▸ **Problem to work on**:
Below this sentence is a listing; return exactly its lines from the one with "#4=PRODUCT('Part','Part','',(#3));" to the one with "#12=(NAMED_UNIT(*) SI_UNIT($,.STERADIAN.) SOLID_ANGLE_UNIT());", both kept, and nothing more.

=== Section Start ===

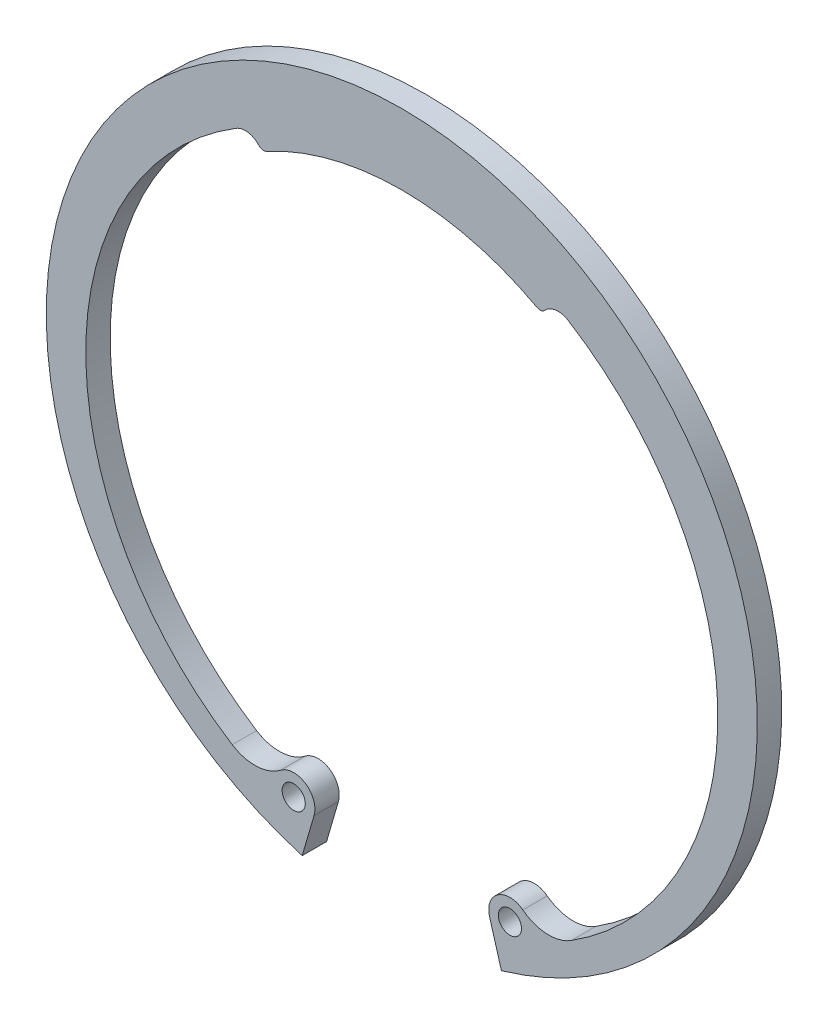
ISO-10303-21;
HEADER;
FILE_DESCRIPTION(('STEP AP214'),'2;1');
FILE_NAME('part.step','',(''),(''),'','','');
FILE_SCHEMA(('AUTOMOTIVE_DESIGN { 1 0 10303 214 1 1 1 1 }'));
ENDSEC;
DATA;
#1=APPLICATION_CONTEXT('core data for automotive mechanical design processes');
#2=APPLICATION_PROTOCOL_DEFINITION('international standard','automotive_design',2000,#1);
#3=PRODUCT_CONTEXT('',#1,'mechanical');
#4=PRODUCT('Part','Part','',(#3));
#5=PRODUCT_RELATED_PRODUCT_CATEGORY('part','',(#4));
#6=PRODUCT_DEFINITION_FORMATION('','',#4);
#7=PRODUCT_DEFINITION_CONTEXT('part definition',#1,'design');
#8=PRODUCT_DEFINITION('design','',#6,#7);
#9=PRODUCT_DEFINITION_SHAPE('','',#8);
#10=(LENGTH_UNIT() NAMED_UNIT(*) SI_UNIT(.MILLI.,.METRE.));
#11=(NAMED_UNIT(*) PLANE_ANGLE_UNIT() SI_UNIT($,.RADIAN.));
#12=(NAMED_UNIT(*) SI_UNIT($,.STERADIAN.) SOLID_ANGLE_UNIT());
#13=UNCERTAINTY_MEASURE_WITH_UNIT(LENGTH_MEASURE(1.E-05),#10,'distance_accuracy_value','');
#14=(GEOMETRIC_REPRESENTATION_CONTEXT(3) GLOBAL_UNCERTAINTY_ASSIGNED_CONTEXT((#13)) GLOBAL_UNIT_ASSIGNED_CONTEXT((#10,
#11,#12)) REPRESENTATION_CONTEXT('',''));
#15=CARTESIAN_POINT('',(0.,0.,0.));
#16=DIRECTION('',(0.,0.,1.));
#17=DIRECTION('',(1.,0.,0.));
#18=AXIS2_PLACEMENT_3D('',#15,#16,#17);
#19=CARTESIAN_POINT('',(0.,-2.21438908593819,4.));
#20=DIRECTION('',(0.,0.,-1.));
#21=DIRECTION('',(-1.,0.,0.));
#22=AXIS2_PLACEMENT_3D('',#19,#20,#21);
#23=CYLINDRICAL_SURFACE('',#22,51.8643890859382);
#24=CARTESIAN_POINT('',(0.,-2.21438908593819,0.));
#25=DIRECTION('',(0.,0.,-1.));
#26=DIRECTION('',(1.,0.,0.));
#27=AXIS2_PLACEMENT_3D('',#24,#25,#26);
#28=CIRCLE('',#27,51.8643890859382);
#29=CARTESIAN_POINT('',(-27.8304508915466,-45.9794534458908,0.));
#30=VERTEX_POINT('',#29);
#31=CARTESIAN_POINT('',(-27.2461818814489,41.9167838889623,0.));
#32=VERTEX_POINT('',#31);
#33=EDGE_CURVE('E249',#30,#32,#28,.T.);
#34=ORIENTED_EDGE('',*,*,#33,.T.);
#35=DIRECTION('',(0.,0.,-1.));
#36=VECTOR('',#35,1.);
#37=CARTESIAN_POINT('',(-27.2461818814489,41.9167838889623,4.));
#38=LINE('',#37,#36);
#39=CARTESIAN_POINT('',(-27.2461818814489,41.9167838889623,4.));
#40=VERTEX_POINT('',#39);
#41=EDGE_CURVE('E177',#32,#40,#38,.F.);
#42=ORIENTED_EDGE('',*,*,#41,.T.);
#43=CARTESIAN_POINT('',(0.,-2.21438908593819,4.));
#44=DIRECTION('',(0.,0.,-1.));
#45=DIRECTION('',(1.,0.,0.));
#46=AXIS2_PLACEMENT_3D('',#43,#44,#45);
#47=CIRCLE('',#46,51.8643890859382);
#48=CARTESIAN_POINT('',(-27.8304508915466,-45.9794534458908,4.));
#49=VERTEX_POINT('',#48);
#50=EDGE_CURVE('E248',#49,#40,#47,.T.);
#51=ORIENTED_EDGE('',*,*,#50,.F.);
#52=DIRECTION('',(0.,0.,-1.));
#53=VECTOR('',#52,1.);
#54=CARTESIAN_POINT('',(-27.8304508915466,-45.9794534458908,4.));
#55=LINE('',#54,#53);
#56=EDGE_CURVE('E307',#49,#30,#55,.T.);
#57=ORIENTED_EDGE('',*,*,#56,.T.);
#58=EDGE_LOOP('',(#34,#42,#51,#57));
#59=FACE_BOUND('',#58,.T.);
#60=ADVANCED_FACE('F44',(#59),#23,.F.);
#61=CARTESIAN_POINT('',(0.,0.,4.));
#62=DIRECTION('',(0.,0.,1.));
#63=DIRECTION('',(1.,0.,0.));
#64=AXIS2_PLACEMENT_3D('',#61,#62,#63);
#65=PLANE('',#64);
#66=CARTESIAN_POINT('',(17.740527432389,-48.3745729843753,4.));
#67=DIRECTION('',(0.,0.,1.));
#68=DIRECTION('',(1.,0.,0.));
#69=AXIS2_PLACEMENT_3D('',#66,#67,#68);
#70=CIRCLE('',#69,1.9);
#71=CARTESIAN_POINT('',(19.640527432389,-48.3745729843753,4.));
#72=VERTEX_POINT('',#71);
#73=EDGE_CURVE('E273',#72,#72,#70,.T.);
#74=ORIENTED_EDGE('',*,*,#73,.F.);
#75=EDGE_LOOP('',(#74));
#76=FACE_BOUND('',#75,.T.);
#77=CARTESIAN_POINT('',(-25.6701767055486,39.3640975224975,4.));
#78=DIRECTION('',(0.,0.,1.));
#79=DIRECTION('',(1.,0.,0.));
#80=AXIS2_PLACEMENT_3D('',#77,#78,#79);
#81=CIRCLE('',#80,3.);
#82=CARTESIAN_POINT('',(-23.441673777115,41.3725234479334,4.));
#83=VERTEX_POINT('',#82);
#84=EDGE_CURVE('E194',#40,#83,#81,.F.);
#85=ORIENTED_EDGE('',*,*,#84,.T.);
#86=CARTESIAN_POINT('',(-22.6988394676372,42.041998756412,4.));
#87=DIRECTION('',(0.,0.,1.));
#88=DIRECTION('',(1.,0.,0.));
#89=AXIS2_PLACEMENT_3D('',#86,#87,#88);
#90=CIRCLE('',#89,1.);
#91=CARTESIAN_POINT('',(-22.2237527779086,41.1620597600931,4.));
#92=VERTEX_POINT('',#91);
#93=EDGE_CURVE('E53',#83,#92,#90,.T.);
#94=ORIENTED_EDGE('',*,*,#93,.T.);
#95=CARTESIAN_POINT('',(0.,0.,4.));
#96=DIRECTION('',(0.,0.,1.));
#97=DIRECTION('',(1.,0.,0.));
#98=AXIS2_PLACEMENT_3D('',#95,#96,#97);
#99=CIRCLE('',#98,46.7783106923185);
#100=CARTESIAN_POINT('',(22.2237527779086,41.1620597600932,4.));
#101=VERTEX_POINT('',#100);
#102=EDGE_CURVE('E224',#101,#92,#99,.T.);
#103=ORIENTED_EDGE('',*,*,#102,.F.);
#104=CARTESIAN_POINT('',(22.6988394676372,42.0419987564121,4.));
#105=DIRECTION('',(0.,0.,1.));
#106=DIRECTION('',(1.,0.,0.));
#107=AXIS2_PLACEMENT_3D('',#104,#105,#106);
#108=CIRCLE('',#107,1.);
#109=CARTESIAN_POINT('',(23.441673777115,41.3725234479334,4.));
#110=VERTEX_POINT('',#109);
#111=EDGE_CURVE('E60',#101,#110,#108,.T.);
#112=ORIENTED_EDGE('',*,*,#111,.T.);
#113=CARTESIAN_POINT('',(25.6701767055486,39.3640975224975,4.));
#114=DIRECTION('',(0.,0.,1.));
#115=DIRECTION('',(1.,0.,0.));
#116=AXIS2_PLACEMENT_3D('',#113,#114,#115);
#117=CIRCLE('',#116,3.);
#118=CARTESIAN_POINT('',(27.2461818814489,41.9167838889623,4.));
#119=VERTEX_POINT('',#118);
#120=EDGE_CURVE('E201',#110,#119,#117,.F.);
#121=ORIENTED_EDGE('',*,*,#120,.T.);
#122=CARTESIAN_POINT('',(27.8304508915466,-45.9794534458908,4.));
#123=VERTEX_POINT('',#122);
#124=EDGE_CURVE('E255',#119,#123,#47,.T.);
#125=ORIENTED_EDGE('',*,*,#124,.T.);
#126=CARTESIAN_POINT('',(24.101078250605,-40.1147897978206,4.));
#127=DIRECTION('',(0.,0.,-1.));
#128=DIRECTION('',(1.,0.,0.));
#129=AXIS2_PLACEMENT_3D('',#126,#127,#128);
#130=CIRCLE('',#129,6.94999999999999);
#131=CARTESIAN_POINT('',(19.860711038461,-45.6213119221904,4.));
#132=VERTEX_POINT('',#131);
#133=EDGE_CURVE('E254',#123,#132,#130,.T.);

=== Section End ===

▸ **Answer area**:
#4=PRODUCT('Part','Part','',(#3));
#5=PRODUCT_RELATED_PRODUCT_CATEGORY('part','',(#4));
#6=PRODUCT_DEFINITION_FORMATION('','',#4);
#7=PRODUCT_DEFINITION_CONTEXT('part definition',#1,'design');
#8=PRODUCT_DEFINITION('design','',#6,#7);
#9=PRODUCT_DEFINITION_SHAPE('','',#8);
#10=(LENGTH_UNIT() NAMED_UNIT(*) SI_UNIT(.MILLI.,.METRE.));
#11=(NAMED_UNIT(*) PLANE_ANGLE_UNIT() SI_UNIT($,.RADIAN.));
#12=(NAMED_UNIT(*) SI_UNIT($,.STERADIAN.) SOLID_ANGLE_UNIT());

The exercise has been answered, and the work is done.